The solutions of the bioactive compounds and anti-retroviral drugs (diluted to 10, 1, and 0.1 µg/mL in the culture medium), as well as DMSO (diluted to 1%, 0.1%, and 0.01%), were dispensed into tissue culture plates in duplicates. C8166 cells were then added into each well and examined everyday for 7 days. Moreover, the cells were counted, stained with 1% tryphan blue in order to examine for cell viability under the microscope on day 0, day 4, and day 7, and compared with drug-free control cells.
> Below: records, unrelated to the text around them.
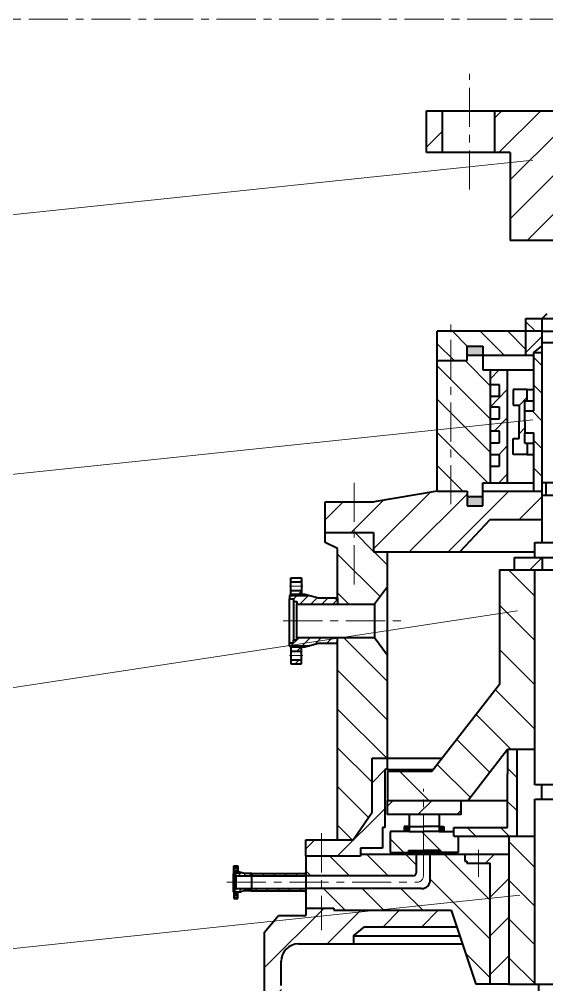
# Model space of a CAD drawing. Header units: millimetres. Extents: x 3913 to 6157, y -487 to 5915.
# Drawn here: x 4696 to 5123, y 5132 to 5915 of the extents above; entities that cross this region are included whole.
import ezdxf

# ---------------------------------------------------------------- set-up
doc = ezdxf.new("R2010")
doc.units = ezdxf.units.MM
doc.linetypes.add('K5LT_BASIC', pattern=[0])
doc.linetypes.add('осевая', pattern=[50.8, 31.75, -6.35, 6.35, -6.35])
doc.layers.get('0').update_dxf_attribs({"lineweight": 40})
doc.layers.add('Оси', color=7, linetype='осевая', lineweight=20)
doc.layers.add('штриховка', color=7, linetype='Continuous', lineweight=20)

msp = doc.modelspace()

# ---------------------------------------------------------------- hatches: boundary and pattern name
h = msp.add_hatch(color=256)
h.dxf.hatch_style = 1
h.paths.add_polyline_path([(5071.28, 5642.76), (5071.28, 5650.27), (5058.62, 5650.27), (5058.62, 5642.76)])
h.paths.add_polyline_path([(5058.62, 5528.17), (5058.62, 5520.66), (5071.28, 5520.66), (5071.28, 5528.17)])
at = {"layer": 'Оси'}
h = msp.add_hatch(dxfattribs=at)
h.set_pattern_fill('ANSI31', color=256, scale=7)
h.paths.add_polyline_path([(5093.57, 5735.93), (5133.54, 5735.93), (5133.54, 5834.97), (5139.61, 5841.21), (5080.88, 5841.21), (5080.88, 5807.33), (5093.57, 5807.33)])
h.paths.add_polyline_path([(5292.5, 5807.33), (5306.93, 5807.33), (5306.93, 5841.21), (5246.45, 5841.21), (5252.53, 5834.97), (5252.53, 5735.93), (5292.5, 5735.93)])
h.paths.add_polyline_path([(5025.81, 5807.33), (5038.52, 5807.33), (5038.52, 5841.21), (5025.81, 5841.21)])
at = {"layer": 'штриховка'}
h = msp.add_hatch(dxfattribs=at)
h.set_pattern_fill('ANSI31', color=256, scale=5, angle=90)
h.paths.add_polyline_path([(5119.58, 5672.53), (5106.31, 5672.53), (5106.31, 5662.28), (5119.58, 5662.28)])
h = msp.add_hatch(dxfattribs=at)
h.set_pattern_fill('ANSI31', color=256, scale=5, angle=90)
h.paths.add_polyline_path([(5058.62, 5638.46), (5058.62, 5650.27), (5071.28, 5650.27), (5071.28, 5642.76), (5106.31, 5642.76), (5106.31, 5662.28), (5034.43, 5662.28), (5034.43, 5638.46)])
h = msp.add_hatch(dxfattribs=at)
h.set_pattern_fill('ANSI31', color=256, scale=5)
h.paths.add_polyline_path([(5119.58, 5662.28), (5106.31, 5662.28), (5106.31, 5642.76), (5112.8, 5642.76), (5112.8, 5645.02), (5119.58, 5650.33), (5119.58, 5653.29)])
h = msp.add_hatch(dxfattribs=at)
h.set_pattern_fill('ANSI31', color=256, scale=6, angle=90)
h.paths.add_polyline_path([(5034.43, 5532.46), (5058.62, 5532.46), (5058.62, 5528.17), (5071.28, 5528.17), (5071.28, 5532.46), (5071.28, 5539.29), (5077.43, 5539.29), (5077.43, 5630.93), (5071.28, 5630.93), (5071.28, 5638.46), (5071.28, 5642.76), (5058.62, 5642.76), (5058.62, 5638.46), (5034.43, 5638.46)])
h = msp.add_hatch(dxfattribs=at)
h.set_pattern_fill('ANSI31', color=256, scale=5, angle=90)
h.paths.add_polyline_path([(5119.58, 5645.02), (5112.8, 5645.02), (5112.8, 5597.66), (5105.52, 5597.66), (5105.52, 5588.74), (5105.52, 5579.82), (5112.8, 5579.82), (5112.8, 5532.46), (5119.58, 5532.46), (5119.56, 5539.29), (5119.58, 5539.29)])
h = msp.add_hatch(dxfattribs=at)
h.set_pattern_fill('ANSI31', color=256, scale=5, angle=1)
h.paths.add_polyline_path([(5085.03, 5618.79), (5085.03, 5609.55), (5077.43, 5609.55), (5077.43, 5600.56), (5085.03, 5600.56), (5085.03, 5591.31), (5077.43, 5591.31), (5077.43, 5581.11), (5085.03, 5581.11), (5085.03, 5571.86), (5077.43, 5571.86), (5077.43, 5562.02), (5085.03, 5562.02), (5085.03, 5552.77), (5077.43, 5552.77), (5077.43, 5539.29), (5091.27, 5539.29), (5091.27, 5630.93), (5077.43, 5630.93), (5077.43, 5618.79)])
h = msp.add_hatch(dxfattribs=at)
h.set_pattern_fill('ANSI31', color=256, scale=5, angle=1)
h.paths.add_polyline_path([(5105.52, 5605.89), (5107.37, 5605.89), (5107.37, 5615.1), (5096, 5615.1), (5096, 5602.24), (5100.82, 5602.24), (5100.82, 5588.74), (5100.82, 5575.23), (5096, 5575.23), (5096, 5562.38), (5107.37, 5562.38), (5107.37, 5571.59), (5105.52, 5571.59), (5105.52, 5579.82), (5105.52, 5588.74)])
h = msp.add_hatch(dxfattribs=at)
h.set_pattern_fill('ANSI31', color=256, scale=7)
h.paths.add_polyline_path([(5077.12, 5509.22), (5119.58, 5509.22), (5119.58, 5532.46), (5071.28, 5532.46), (5071.28, 5520.66), (5058.62, 5520.66), (5058.62, 5532.46), (5034.43, 5532.46), (4983.39, 5523.96), (4967.1, 5523.96), (4967.1, 5498.96), (4982.87, 5498.96), (4982.87, 5492.2), (4982.87, 5483.21), (5052.74, 5483.21)])
h.paths.add_polyline_path([(4967.1, 5523.96), (4962.78, 5523.96), (4943.43, 5515.36), (4943.43, 5498.96), (4961.58, 5498.96), (4967.1, 5498.96)])
h.paths.add_polyline_path([(4962.78, 5523.96), (4943.43, 5523.96), (4943.43, 5515.36)], flags=17)
h = msp.add_hatch(dxfattribs=at)
h.set_pattern_fill('ANSI31', color=256, scale=7, angle=90)
h.paths.add_polyline_path([(4994.04, 5399.51), (4953.61, 5385.72), (4953.61, 5267.36), (4981.63, 5274.01), (4981.63, 5315.89), (4994.04, 5315.89)])
h.paths.add_polyline_path([(4981.63, 5272.08), (4981.63, 5274.01), (4953.61, 5267.36), (4953.61, 5249.51), (4966.26, 5249.51)])
h.paths.add_polyline_path([(4983.64, 5413.77), (4953.61, 5413.77), (4953.6, 5413.77), (4953.61, 5408.88), (4953.61, 5385.72), (4994.04, 5399.51), (4994.04, 5399.55)])
h.paths.add_polyline_path([(4994.04, 5455.19), (4994.04, 5483.21), (4982.87, 5483.21), (4982.87, 5492.2), (4982.87, 5498.96), (4961.58, 5498.96), (4943.43, 5498.96), (4943.43, 5490.75), (4953.61, 5486.05), (4953.61, 5445.79), (4953.61, 5440.91), (4983.59, 5440.91)])
h = msp.add_hatch(dxfattribs=at)
h.set_pattern_fill('ANSI31', color=256, scale=5)
h.paths.add_polyline_path([(5113.61, 5468.61), (5119.89, 5468.61), (5119.89, 5478.61), (5097.08, 5478.61), (5097.08, 5468.61)])
h = msp.add_hatch(dxfattribs=at)
h.set_pattern_fill('ANSI31', color=256, scale=8, angle=90)
h.paths.add_polyline_path([(5091.45, 5322.78), (5101.9, 5322.78), (5113.61, 5322.78), (5113.61, 5468.61), (5084.95, 5468.61), (5084.95, 5381.46), (5080.85, 5381.46), (5080.85, 5375.71), (5084.95, 5375.71), (5030.09, 5305.16), (4994.04, 5305.16), (4994.04, 5281.65), (5059.47, 5281.65)])
h = msp.add_hatch(dxfattribs=at)
h.set_pattern_fill('ANSI31', color=256, scale=2)
h.set_pattern_definition([(45, (1026.5905, 0), (-4.490128, 4.490128), [])])
h.paths.add_polyline_path([(4953.61, 5443.35), (4952.08, 5445.79), (4951.67, 5445.79), (4938.07, 5445.79), (4930.82, 5447.73), (4914.76, 5447.73), (4914.76, 5445.2), (4917.87, 5445.2), (4917.87, 5442.87), (4920.59, 5442.87), (4920.59, 5440.93), (4953.61, 5440.91)])
h.paths.add_polyline_path([(4953.61, 5410.42), (4953.6, 5413.77), (4920.59, 5413.74), (4920.59, 5411.8), (4917.87, 5411.8), (4917.87, 5409.46), (4914.76, 5409.46), (4914.76, 5406.94), (4930.82, 5406.94), (4938.07, 5408.88), (4952.29, 5408.88)])
h.paths.add_polyline_path([(4924.28, 5405.97), (4915.73, 5405.97), (4915.73, 5402.67), (4924.28, 5402.67)])
h.paths.add_polyline_path([(4924.28, 5395.67), (4915.73, 5395.67), (4915.73, 5392.37), (4924.28, 5392.37)])
h.paths.add_polyline_path([(4930.82, 5406.94), (4914.76, 5406.94), (4915.73, 5405.97), (4927.2, 5405.97)])
h.paths.add_polyline_path([(4927.2, 5448.7), (4915.73, 5448.7), (4914.76, 5447.73), (4930.82, 5447.73)])
h.paths.add_polyline_path([(4924.28, 5452), (4915.73, 5452), (4915.73, 5449.06), (4916.09, 5448.7), (4924.28, 5448.7)])
h.paths.add_polyline_path([(4924.28, 5462.3), (4915.73, 5462.3), (4915.73, 5459.39), (4916.13, 5458.99), (4924.28, 5458.99)])
h = msp.add_hatch(dxfattribs=at)
h.set_pattern_fill('ANSI31', color=256, scale=6, angle=90)
h.paths.add_polyline_path([(5091.45, 5259.51), (5047.94, 5259.51), (5047.94, 5252.6), (5099.15, 5252.6), (5099.15, 5322.78), (5091.45, 5322.78), (5091.45, 5303.29)])
h = msp.add_hatch(dxfattribs=at)
h.set_pattern_fill('ANSI31', color=256, scale=7)
h.paths.add_polyline_path([(4989.92, 5259.59), (4991.97, 5259.59), (4991.97, 5306.61), (4994.04, 5306.61), (4994.04, 5315.89), (4981.63, 5315.89), (4981.63, 5272.08), (4966.26, 5249.51), (4940.65, 5249.51), (4940.65, 5236.27), (4946.75, 5236.27), (4972.28, 5236.27), (4972.28, 5242.94), (4989.92, 5242.94)])
h.paths.add_polyline_path([(4940.65, 5249.51), (4927.89, 5249.51), (4927.89, 5236.27), (4940.65, 5236.27)])
h = msp.add_hatch(dxfattribs=at)
h.set_pattern_fill('ANSI31', color=256, scale=7)
h.paths.add_polyline_path([(5053.44, 5270.25), (5053.44, 5281.65), (4994.04, 5281.65), (4994.04, 5270.25)])
h = msp.add_hatch(dxfattribs=at)
h.set_pattern_fill('ANSI31', color=256, scale=7, angle=90)
h.paths.add_polyline_path([(5051.34, 5252.6), (5047.94, 5252.6), (5047.94, 5256.34), (5039.81, 5256.34), (5035.94, 5256.34), (5023.74, 5256.34), (5011.54, 5256.34), (5007.67, 5256.34), (4996.14, 5256.34), (4996.14, 5239.21), (5011.18, 5239.21), (5011.18, 5241.04), (5023.74, 5241.04), (5036.31, 5241.04), (5036.31, 5239.21), (5051.34, 5239.21)])
h = msp.add_hatch(dxfattribs=at)
h.set_pattern_fill('ANSI31', color=256, scale=7, angle=90)
h.paths.add_polyline_path([(5113.61, 5252.6), (5099.15, 5252.6), (5092.56, 5252.6), (5092.56, 5132.6), (5113.61, 5132.6)])
h = msp.add_hatch(dxfattribs=at)
h.set_pattern_fill('ANSI31', color=256, scale=7, angle=90)
edge = h.paths.add_edge_path()
edge.add_line((5077.37, 5230.78), (5058.43, 5230.78))
edge.add_line((5058.43, 5230.78), (5058.43, 5232.37))
edge.add_line((5058.43, 5232.37), (5056.75, 5232.37))
edge.add_line((5056.75, 5232.37), (5056.75, 5237.91))
edge.add_line((5056.75, 5237.91), (5053.44, 5237.91))
edge.add_line((5053.44, 5237.91), (5028.78, 5237.91))
edge.add_line((5028.78, 5237.91), (5028.78, 5217.04))
edge.add_arc((5021.78, 5217.04), 7, -90, 0, ccw=False)
edge.add_line((5021.78, 5210.04), (4940.65, 5210.04))
edge.add_line((4940.65, 5210.04), (4940.65, 5194.14))
edge.add_line((4940.65, 5194.14), (4950.57, 5194.14))
edge.add_line((4950.57, 5194.14), (4950.57, 5192.45))
edge.add_line((4950.57, 5192.45), (5045.62, 5192.45))
edge.add_line((5045.62, 5192.45), (5046.71, 5189.21))
edge.add_line((5046.71, 5189.21), (5077.37, 5197.88))
edge.add_line((5077.37, 5197.88), (5077.37, 5230.78))
h.paths.add_polyline_path([(5077.37, 5197.88), (5046.71, 5189.21), (5065.78, 5132.6), (5077.37, 5132.6)])
h.paths.add_polyline_path([(4940.65, 5210.04), (4927.89, 5210.04), (4927.89, 5194.14), (4940.65, 5194.14)])
h.paths.add_polyline_path([(4940.65, 5236.27), (4927.89, 5236.27), (4927.89, 5221.8), (4940.65, 5224.97)])
edge = h.paths.add_edge_path(flags=17)
edge.add_line((5017.56, 5237.91), (4992.66, 5237.91))
edge.add_line((4992.66, 5237.91), (4940.65, 5224.97))
edge.add_line((4940.65, 5224.97), (4940.65, 5220.35))
edge.add_line((4940.65, 5220.35), (5014.56, 5220.35))
edge.add_arc((5014.56, 5223.35), 3, 270, 360)
edge.add_line((5017.56, 5223.35), (5017.56, 5237.91))
h.paths.add_polyline_path([(4992.66, 5237.91), (4972.28, 5237.91), (4972.28, 5236.27), (4946.75, 5236.27), (4940.65, 5236.27), (4940.65, 5224.97)], flags=16)
h.paths.add_polyline_path([(4940.65, 5224.97), (4927.89, 5221.8), (4927.89, 5220.35), (4940.65, 5220.35)])
h = msp.add_hatch(dxfattribs=at)
h.set_pattern_fill('ANSI31', color=256, scale=7)
h.paths.add_polyline_path([(5092.56, 5237.91), (5056.75, 5237.91), (5056.75, 5232.37), (5058.43, 5232.37), (5058.43, 5230.78), (5077.37, 5230.78), (5077.37, 5197.88), (5092.56, 5202.17)])
h.paths.add_polyline_path([(5092.56, 5202.17), (5077.37, 5197.88), (5077.37, 5132.6), (5083.66, 5132.6), (5092.56, 5132.6)])
h = msp.add_hatch(dxfattribs=at)
h.set_pattern_fill('ANSI31', color=256)
h.set_pattern_definition([(45, (1026.5905, 0), (-2.245064, 2.245064), [])])
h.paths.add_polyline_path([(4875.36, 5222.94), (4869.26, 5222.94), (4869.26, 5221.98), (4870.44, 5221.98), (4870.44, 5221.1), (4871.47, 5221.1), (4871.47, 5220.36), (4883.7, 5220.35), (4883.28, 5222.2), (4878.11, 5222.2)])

Virustatic and virucidal tests

The viruses were used at 100 TCID₅₀ (50% tissue cell infectivity dose) level, which was determined by diluting the viruses in quadruplicates, and the potency of the viruses was calculated using Karber equation. Additionally, the following controls were used in all experiments: control viruses diluted to 100, 10, and 1 TCID₅₀ in order to verify that the viruses used in all experiments were at 100 TCID₅₀ level. C8166 control cells were used for cell examination throughout the experiments. Bioactive control was used to investigate the effect of the compounds on the cells. DMSO control was used to evaluate the effect of DMSO on virus proliferation in the cells. Anti-retroviral drug controls (AZT, GPO-vir, and Nevirapine) were used to investigate the effect of the drugs on the cells.

Virustatic test

C8166 cells were incubated with the solutions of bioactive compounds for 30 minutes. The viruses were then added into each well at 100 TCID₅₀ level, and the samples were further incubated for 3 hours. After that, the cells were washed 4 times, and maintained for 7 days. The culture medium was changed on day 3, and the cells were examined for cytopathic effect on days 4 and 7. Additionally, the level of the p24 antigen in the culture medium was determined on day 7 using commercially-available ELISA kits in order to determine the EC₅₀, which was the concentration of each bioactive compound that inhibited the viruses by 50%.

Virucidal test

The viruses at 100 TCID50 level were incubated with the solutions of bioactive compounds for 1 hour. C8166 cells were then added to each well, and the samples were further incubated for 1 hour. After that, the cells were washed 4 times, and maintained for 7 days. The culture medium was changed on day 3, and the cells were examined for cytopathic effect on days 4 and 7. Additionally, the level of the p24 antigen in the culture medium was also determined on day 7 using commercially-available ELISA kits.